> [Work request] After locating the line that contains "STEP (ISO 10303-21)", restate it and each later line word for word through the end of the records.

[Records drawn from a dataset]

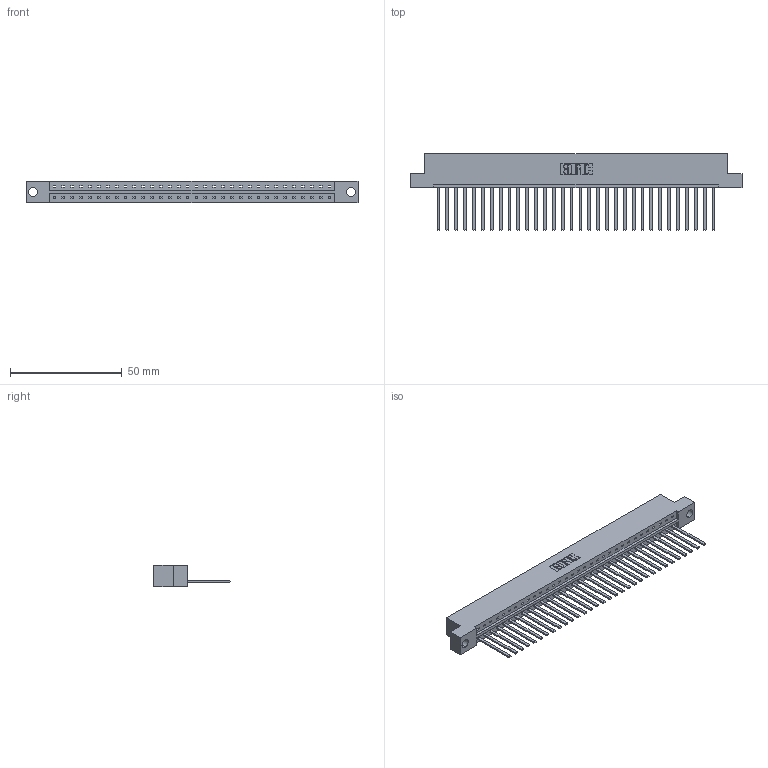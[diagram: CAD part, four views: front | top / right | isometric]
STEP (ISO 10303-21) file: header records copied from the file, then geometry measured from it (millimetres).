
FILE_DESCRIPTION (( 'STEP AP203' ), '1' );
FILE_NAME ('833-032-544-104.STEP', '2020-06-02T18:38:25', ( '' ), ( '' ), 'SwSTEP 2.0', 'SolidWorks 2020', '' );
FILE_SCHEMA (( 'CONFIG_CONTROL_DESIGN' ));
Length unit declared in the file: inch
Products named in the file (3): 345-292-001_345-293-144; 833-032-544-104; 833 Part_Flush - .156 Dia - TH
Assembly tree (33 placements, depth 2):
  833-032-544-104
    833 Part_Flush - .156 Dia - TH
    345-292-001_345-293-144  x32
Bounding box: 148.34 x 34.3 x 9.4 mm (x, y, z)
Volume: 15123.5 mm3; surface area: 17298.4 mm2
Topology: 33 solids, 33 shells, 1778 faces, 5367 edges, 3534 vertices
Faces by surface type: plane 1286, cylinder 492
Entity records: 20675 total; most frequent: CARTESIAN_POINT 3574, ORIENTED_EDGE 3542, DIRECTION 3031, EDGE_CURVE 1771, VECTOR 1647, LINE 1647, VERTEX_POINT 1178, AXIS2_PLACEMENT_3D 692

> [Task output]
STEP (ISO 10303-21) file: header records copied from the file, then geometry measured from it (millimetres).
FILE_DESCRIPTION (( 'STEP AP203' ), '1' );
FILE_NAME ('833-032-544-104.STEP', '2020-06-02T18:38:25', ( '' ), ( '' ), 'SwSTEP 2.0', 'SolidWorks 2020', '' );
FILE_SCHEMA (( 'CONFIG_CONTROL_DESIGN' ));
Length unit declared in the file: inch
Products named in the file (3): 345-292-001_345-293-144; 833-032-544-104; 833 Part_Flush - .156 Dia - TH
Assembly tree (33 placements, depth 2):
  833-032-544-104
    833 Part_Flush - .156 Dia - TH
    345-292-001_345-293-144  x32
Bounding box: 148.34 x 34.3 x 9.4 mm (x, y, z)
Volume: 15123.5 mm3; surface area: 17298.4 mm2
Topology: 33 solids, 33 shells, 1778 faces, 5367 edges, 3534 vertices
Faces by surface type: plane 1286, cylinder 492
Entity records: 20675 total; most frequent: CARTESIAN_POINT 3574, ORIENTED_EDGE 3542, DIRECTION 3031, EDGE_CURVE 1771, VECTOR 1647, LINE 1647, VERTEX_POINT 1178, AXIS2_PLACEMENT_3D 692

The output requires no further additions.